____ THE INPUT
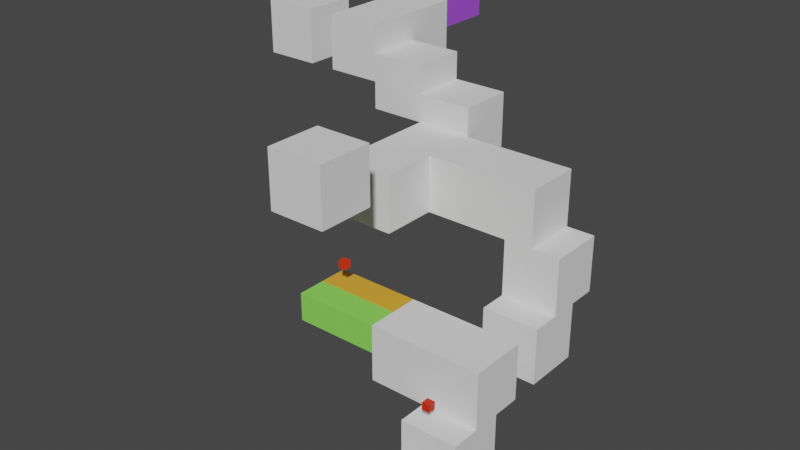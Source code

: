 # Source: level_1.blend  (saved by Blender 2.93.21; exported with 4.5.12 LTS)
import bpy
from mathutils import Matrix  # noqa: F401  (used for matrix-valued properties, if any)

bpy.ops.wm.read_factory_settings(use_empty=True)
scene = bpy.context.scene
scene.name = 'Scene'

# ---- collections
col_collection = bpy.data.collections.new('Collection'); scene.collection.children.link(col_collection)

# ---- materials (node trees are filled in below, after node groups)
mat_material_007 = bpy.data.materials.new('Material.007')
mat_material_007.use_transparent_shadow = False
mat_material_005 = bpy.data.materials.new('Material.005')
mat_material_005.use_transparent_shadow = False
mat_material_006 = bpy.data.materials.new('Material.006')
mat_material_006.use_transparent_shadow = False
mat_material_008 = bpy.data.materials.new('Material.008')
mat_material_008.use_transparent_shadow = False
mat_material_009 = bpy.data.materials.new('Material.009')
mat_material_009.use_transparent_shadow = False
mat_material_010 = bpy.data.materials.new('Material.010')
mat_material_010.use_transparent_shadow = False
mat_material_014 = bpy.data.materials.new('Material.014')
mat_material_014.use_transparent_shadow = False
mat_material_013 = bpy.data.materials.new('Material.013')
mat_material_013.use_transparent_shadow = False

# ---- material node trees
mat_material_007.use_nodes = True; mat_material_007.node_tree.nodes.clear()
_N = mat_material_007.node_tree.nodes; _L = mat_material_007.node_tree.links
n0 = _N.new('ShaderNodeBsdfPrincipled'); n0.name = 'Principled BSDF'; n0.location = (10, 300)
n0.distribution = 'GGX'
n0.subsurface_method = 'BURLEY'
n0.inputs[3].default_value = 1.45
n0.inputs[27].default_value = (0.0, 0.0, 0.0, 1.0)
n0.inputs[28].default_value = 1.0
n1 = _N.new('ShaderNodeOutputMaterial'); n1.name = 'Material Output'; n1.location = (300, 300)
_L.new(n0.outputs[0], n1.inputs[0])
n1.is_active_output = True
mat_material_005.use_nodes = True; mat_material_005.node_tree.nodes.clear()
_N = mat_material_005.node_tree.nodes; _L = mat_material_005.node_tree.links
n0 = _N.new('ShaderNodeBsdfPrincipled'); n0.name = 'Principled BSDF'; n0.location = (10, 300)
n0.distribution = 'GGX'
n0.subsurface_method = 'BURLEY'
n0.inputs[0].default_value = (0.8, 0.391, 0.03409, 1.0)
n0.inputs[3].default_value = 1.45
n0.inputs[27].default_value = (0.0, 0.0, 0.0, 1.0)
n0.inputs[28].default_value = 1.0
n1 = _N.new('ShaderNodeOutputMaterial'); n1.name = 'Material Output'; n1.location = (300, 300)
_L.new(n0.outputs[0], n1.inputs[0])
n1.is_active_output = True
mat_material_006.use_nodes = True; mat_material_006.node_tree.nodes.clear()
_N = mat_material_006.node_tree.nodes; _L = mat_material_006.node_tree.links
n0 = _N.new('ShaderNodeBsdfPrincipled'); n0.name = 'Principled BSDF'; n0.location = (10, 300)
n0.distribution = 'GGX'
n0.subsurface_method = 'BURLEY'
n0.inputs[0].default_value = (0.2533, 0.8, 0.1011, 1.0)
n0.inputs[3].default_value = 1.45
n0.inputs[27].default_value = (0.0, 0.0, 0.0, 1.0)
n0.inputs[28].default_value = 1.0
n1 = _N.new('ShaderNodeOutputMaterial'); n1.name = 'Material Output'; n1.location = (300, 300)
_L.new(n0.outputs[0], n1.inputs[0])
n1.is_active_output = True
mat_material_008.use_nodes = True; mat_material_008.node_tree.nodes.clear()
_N = mat_material_008.node_tree.nodes; _L = mat_material_008.node_tree.links
n0 = _N.new('ShaderNodeBsdfPrincipled'); n0.name = 'Principled BSDF'; n0.location = (10, 300)
n0.distribution = 'GGX'
n0.subsurface_method = 'BURLEY'
n0.inputs[0].default_value = (0.8, 0.02983, 0.003497, 1.0)
n0.inputs[3].default_value = 1.45
n0.inputs[27].default_value = (0.0, 0.0, 0.0, 1.0)
n0.inputs[28].default_value = 1.0
n1 = _N.new('ShaderNodeOutputMaterial'); n1.name = 'Material Output'; n1.location = (300, 300)
_L.new(n0.outputs[0], n1.inputs[0])
n1.is_active_output = True
mat_material_009.use_nodes = True; mat_material_009.node_tree.nodes.clear()
_N = mat_material_009.node_tree.nodes; _L = mat_material_009.node_tree.links
n0 = _N.new('ShaderNodeBsdfPrincipled'); n0.name = 'Principled BSDF'; n0.location = (10, 300)
n0.distribution = 'GGX'
n0.subsurface_method = 'BURLEY'
n0.inputs[0].default_value = (0.8, 0.02983, 0.003497, 1.0)
n0.inputs[3].default_value = 1.45
n0.inputs[27].default_value = (0.0, 0.0, 0.0, 1.0)
n0.inputs[28].default_value = 1.0
n1 = _N.new('ShaderNodeOutputMaterial'); n1.name = 'Material Output'; n1.location = (300, 300)
_L.new(n0.outputs[0], n1.inputs[0])
n1.is_active_output = True
mat_material_010.use_nodes = True; mat_material_010.node_tree.nodes.clear()
_N = mat_material_010.node_tree.nodes; _L = mat_material_010.node_tree.links
n0 = _N.new('ShaderNodeBsdfPrincipled'); n0.name = 'Principled BSDF'; n0.location = (10, 300)
n0.distribution = 'GGX'
n0.subsurface_method = 'BURLEY'
n0.inputs[0].default_value = (0.8, 0.02983, 0.003497, 1.0)
n0.inputs[3].default_value = 1.45
n0.inputs[27].default_value = (0.0, 0.0, 0.0, 1.0)
n0.inputs[28].default_value = 1.0
n1 = _N.new('ShaderNodeOutputMaterial'); n1.name = 'Material Output'; n1.location = (300, 300)
_L.new(n0.outputs[0], n1.inputs[0])
n1.is_active_output = True
mat_material_014.use_nodes = True; mat_material_014.node_tree.nodes.clear()
_N = mat_material_014.node_tree.nodes; _L = mat_material_014.node_tree.links
n0 = _N.new('ShaderNodeBsdfPrincipled'); n0.name = 'Principled BSDF'; n0.location = (10, 300)
n0.distribution = 'GGX'
n0.subsurface_method = 'BURLEY'
n0.inputs[0].default_value = (0.3916, 0.08784, 0.8, 1.0)
n0.inputs[3].default_value = 1.45
n0.inputs[27].default_value = (0.0, 0.0, 0.0, 1.0)
n0.inputs[28].default_value = 1.0
n1 = _N.new('ShaderNodeOutputMaterial'); n1.name = 'Material Output'; n1.location = (300, 300)
_L.new(n0.outputs[0], n1.inputs[0])
n1.is_active_output = True
mat_material_013.use_nodes = True; mat_material_013.node_tree.nodes.clear()
_N = mat_material_013.node_tree.nodes; _L = mat_material_013.node_tree.links
n0 = _N.new('ShaderNodeBsdfPrincipled'); n0.name = 'Principled BSDF'; n0.location = (10, 300)
n0.distribution = 'GGX'
n0.subsurface_method = 'BURLEY'
n0.inputs[0].default_value = (0.8, 0.6149, 0.01728, 1.0)
n0.inputs[3].default_value = 1.45
n0.inputs[27].default_value = (0.0, 0.0, 0.0, 1.0)
n0.inputs[28].default_value = 1.0
n1 = _N.new('ShaderNodeOutputMaterial'); n1.name = 'Material Output'; n1.location = (300, 300)
_L.new(n0.outputs[0], n1.inputs[0])
n1.is_active_output = True

# ---- world
world_world = bpy.data.worlds.new('World'); scene.world = world_world
world_world.use_nodes = True; world_world.node_tree.nodes.clear()
_N = world_world.node_tree.nodes; _L = world_world.node_tree.links
n0 = _N.new('ShaderNodeOutputWorld'); n0.name = 'World Output'; n0.location = (300, 300)
n1 = _N.new('ShaderNodeBackground'); n1.name = 'Background'; n1.location = (10, 300)
n1.inputs[0].default_value = (0.05088, 0.05088, 0.05088, 1.0)
_L.new(n1.outputs[0], n0.inputs[0])
n0.is_active_output = True
world_world.color = (0.05088, 0.05088, 0.05088)
world_world.use_sun_shadow = False
world_world.sun_shadow_jitter_overblur = 0.0

# ---- meshes
me_cube_146 = bpy.data.meshes.new('Cube.146')
me_cube_146.from_pydata([(-1.0, -1.0, -1.0), (-1.0, -1.0, 1.0), (-1.0, 1.0, -1.0), (-1.0, 1.0, 1.0), (1.0, -1.0, -1.0), (1.0, -1.0, 1.0), (1.0, 1.0, -1.0), (1.0, 1.0, 1.0)], [], [(0, 1, 3, 2), (2, 3, 7, 6), (6, 7, 5, 4), (4, 5, 1, 0), (2, 6, 4, 0), (7, 3, 1, 5)])
_uv = me_cube_146.uv_layers.new(name='UVMap')
_uv.uv.foreach_set('vector', [0.375, 0.0, 0.625, 0.0, 0.625, 0.25, 0.375, 0.25, 0.375, 0.25, 0.625, 0.25, 0.625, 0.5, 0.375, 0.5, 0.375, 0.5, 0.625, 0.5, 0.625, 0.75, 0.375, 0.75, 0.375, 0.75, 0.625, 0.75, 0.625, 1.0, 0.375, 1.0, 0.125, 0.5, 0.375, 0.5, 0.375, 0.75, 0.125, 0.75, 0.625, 0.5, 0.875, 0.5, 0.875, 0.75, 0.625, 0.75])
me_cube_146.materials.append(mat_material_007)
me_cube_146.use_remesh_fix_poles = True
me_cube_146.use_remesh_preserve_attributes = False
me_cube_146.update()
me_cube_145 = bpy.data.meshes.new('Cube.145')
me_cube_145.from_pydata([(-1.0, -1.0, -1.0), (-1.0, -1.0, 1.0), (-1.0, 1.0, -1.0), (-1.0, 1.0, 1.0), (1.0, -1.0, -1.0), (1.0, -1.0, 1.0), (1.0, 1.0, -1.0), (1.0, 1.0, 1.0)], [], [(0, 1, 3, 2), (2, 3, 7, 6), (6, 7, 5, 4), (4, 5, 1, 0), (2, 6, 4, 0), (7, 3, 1, 5)])
_uv = me_cube_145.uv_layers.new(name='UVMap')
_uv.uv.foreach_set('vector', [0.375, 0.0, 0.625, 0.0, 0.625, 0.25, 0.375, 0.25, 0.375, 0.25, 0.625, 0.25, 0.625, 0.5, 0.375, 0.5, 0.375, 0.5, 0.625, 0.5, 0.625, 0.75, 0.375, 0.75, 0.375, 0.75, 0.625, 0.75, 0.625, 1.0, 0.375, 1.0, 0.125, 0.5, 0.375, 0.5, 0.375, 0.75, 0.125, 0.75, 0.625, 0.5, 0.875, 0.5, 0.875, 0.75, 0.625, 0.75])
me_cube_145.use_remesh_fix_poles = True
me_cube_145.use_remesh_preserve_attributes = False
me_cube_145.update()
me_cube_144 = bpy.data.meshes.new('Cube.144')
me_cube_144.from_pydata([(-1.0, -1.0, -1.0), (-1.0, -1.0, 1.0), (-1.0, 1.0, -1.0), (-1.0, 1.0, 1.0), (1.0, -1.0, -1.0), (1.0, -1.0, 1.0), (1.0, 1.0, -1.0), (1.0, 1.0, 1.0)], [], [(0, 1, 3, 2), (2, 3, 7, 6), (6, 7, 5, 4), (4, 5, 1, 0), (2, 6, 4, 0), (7, 3, 1, 5)])
_uv = me_cube_144.uv_layers.new(name='UVMap')
_uv.uv.foreach_set('vector', [0.375, 0.0, 0.625, 0.0, 0.625, 0.25, 0.375, 0.25, 0.375, 0.25, 0.625, 0.25, 0.625, 0.5, 0.375, 0.5, 0.375, 0.5, 0.625, 0.5, 0.625, 0.75, 0.375, 0.75, 0.375, 0.75, 0.625, 0.75, 0.625, 1.0, 0.375, 1.0, 0.125, 0.5, 0.375, 0.5, 0.375, 0.75, 0.125, 0.75, 0.625, 0.5, 0.875, 0.5, 0.875, 0.75, 0.625, 0.75])
me_cube_144.use_remesh_fix_poles = True
me_cube_144.use_remesh_preserve_attributes = False
me_cube_144.update()
me_cube_143 = bpy.data.meshes.new('Cube.143')
me_cube_143.from_pydata([(-1.0, -1.0, -1.0), (-1.0, -1.0, 1.0), (-1.0, 1.0, -1.0), (-1.0, 1.0, 1.0), (1.0, -1.0, -1.0), (1.0, -1.0, 1.0), (1.0, 1.0, -1.0), (1.0, 1.0, 1.0)], [], [(0, 1, 3, 2), (2, 3, 7, 6), (6, 7, 5, 4), (4, 5, 1, 0), (2, 6, 4, 0), (7, 3, 1, 5)])
_uv = me_cube_143.uv_layers.new(name='UVMap')
_uv.uv.foreach_set('vector', [0.375, 0.0, 0.625, 0.0, 0.625, 0.25, 0.375, 0.25, 0.375, 0.25, 0.625, 0.25, 0.625, 0.5, 0.375, 0.5, 0.375, 0.5, 0.625, 0.5, 0.625, 0.75, 0.375, 0.75, 0.375, 0.75, 0.625, 0.75, 0.625, 1.0, 0.375, 1.0, 0.125, 0.5, 0.375, 0.5, 0.375, 0.75, 0.125, 0.75, 0.625, 0.5, 0.875, 0.5, 0.875, 0.75, 0.625, 0.75])
me_cube_143.use_remesh_fix_poles = True
me_cube_143.use_remesh_preserve_attributes = False
me_cube_143.update()
me_cube_142 = bpy.data.meshes.new('Cube.142')
me_cube_142.from_pydata([(-1.5, -0.5, -0.5), (-1.5, -0.5, 0.5), (-1.5, 0.5, -0.5), (-1.5, 0.5, 0.5), (1.5, -0.5, -0.5), (1.5, -0.5, 0.5), (1.5, 0.5, -0.5), (1.5, 0.5, 0.5)], [], [(0, 1, 3, 2), (2, 3, 7, 6), (6, 7, 5, 4), (4, 5, 1, 0), (2, 6, 4, 0), (7, 3, 1, 5)])
_uv = me_cube_142.uv_layers.new(name='UVMap')
_uv.uv.foreach_set('vector', [0.375, 0.0, 0.625, 0.0, 0.625, 0.25, 0.375, 0.25, 0.375, 0.25, 0.625, 0.25, 0.625, 0.5, 0.375, 0.5, 0.375, 0.5, 0.625, 0.5, 0.625, 0.75, 0.375, 0.75, 0.375, 0.75, 0.625, 0.75, 0.625, 1.0, 0.375, 1.0, 0.125, 0.5, 0.375, 0.5, 0.375, 0.75, 0.125, 0.75, 0.625, 0.5, 0.875, 0.5, 0.875, 0.75, 0.625, 0.75])
me_cube_142.materials.append(mat_material_005)
me_cube_142.use_remesh_fix_poles = True
me_cube_142.use_remesh_preserve_attributes = False
me_cube_142.update()
me_cube_141 = bpy.data.meshes.new('Cube.141')
me_cube_141.from_pydata([(-1.0, -1.0, -1.0), (-1.0, -1.0, 1.0), (-1.0, 1.0, -1.0), (-1.0, 1.0, 1.0), (1.0, -1.0, -1.0), (1.0, -1.0, 1.0), (1.0, 1.0, -1.0), (1.0, 1.0, 1.0)], [], [(0, 1, 3, 2), (2, 3, 7, 6), (6, 7, 5, 4), (4, 5, 1, 0), (2, 6, 4, 0), (7, 3, 1, 5)])
_uv = me_cube_141.uv_layers.new(name='UVMap')
_uv.uv.foreach_set('vector', [0.375, 0.0, 0.625, 0.0, 0.625, 0.25, 0.375, 0.25, 0.375, 0.25, 0.625, 0.25, 0.625, 0.5, 0.375, 0.5, 0.375, 0.5, 0.625, 0.5, 0.625, 0.75, 0.375, 0.75, 0.375, 0.75, 0.625, 0.75, 0.625, 1.0, 0.375, 1.0, 0.125, 0.5, 0.375, 0.5, 0.375, 0.75, 0.125, 0.75, 0.625, 0.5, 0.875, 0.5, 0.875, 0.75, 0.625, 0.75])
me_cube_141.use_remesh_fix_poles = True
me_cube_141.use_remesh_preserve_attributes = False
me_cube_141.update()
me_cube_140 = bpy.data.meshes.new('Cube.140')
me_cube_140.from_pydata([(-1.0, -1.0, -1.0), (-1.0, -1.0, 1.0), (-1.0, 1.0, -1.0), (-1.0, 1.0, 1.0), (1.0, -1.0, -1.0), (1.0, -1.0, 1.0), (1.0, 1.0, -1.0), (1.0, 1.0, 1.0)], [], [(0, 1, 3, 2), (2, 3, 7, 6), (6, 7, 5, 4), (4, 5, 1, 0), (2, 6, 4, 0), (7, 3, 1, 5)])
_uv = me_cube_140.uv_layers.new(name='UVMap')
_uv.uv.foreach_set('vector', [0.375, 0.0, 0.625, 0.0, 0.625, 0.25, 0.375, 0.25, 0.375, 0.25, 0.625, 0.25, 0.625, 0.5, 0.375, 0.5, 0.375, 0.5, 0.625, 0.5, 0.625, 0.75, 0.375, 0.75, 0.375, 0.75, 0.625, 0.75, 0.625, 1.0, 0.375, 1.0, 0.125, 0.5, 0.375, 0.5, 0.375, 0.75, 0.125, 0.75, 0.625, 0.5, 0.875, 0.5, 0.875, 0.75, 0.625, 0.75])
me_cube_140.use_remesh_fix_poles = True
me_cube_140.use_remesh_preserve_attributes = False
me_cube_140.update()
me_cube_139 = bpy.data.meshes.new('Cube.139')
________
* **TASK INSTRUCTIONS**: A verbatim transcription is needed of the lines above, starting at the line with "mat_material_008.use_transparent_shadow = False" and ending at the line with "mat_material_014 = bpy.data.materials.new('Material.014')", both included, and of nothing else.

* **RESPONSE TO THE TASK**:
mat_material_008.use_transparent_shadow = False
mat_material_009 = bpy.data.materials.new('Material.009')
mat_material_009.use_transparent_shadow = False
mat_material_010 = bpy.data.materials.new('Material.010')
mat_material_010.use_transparent_shadow = False
mat_material_014 = bpy.data.materials.new('Material.014')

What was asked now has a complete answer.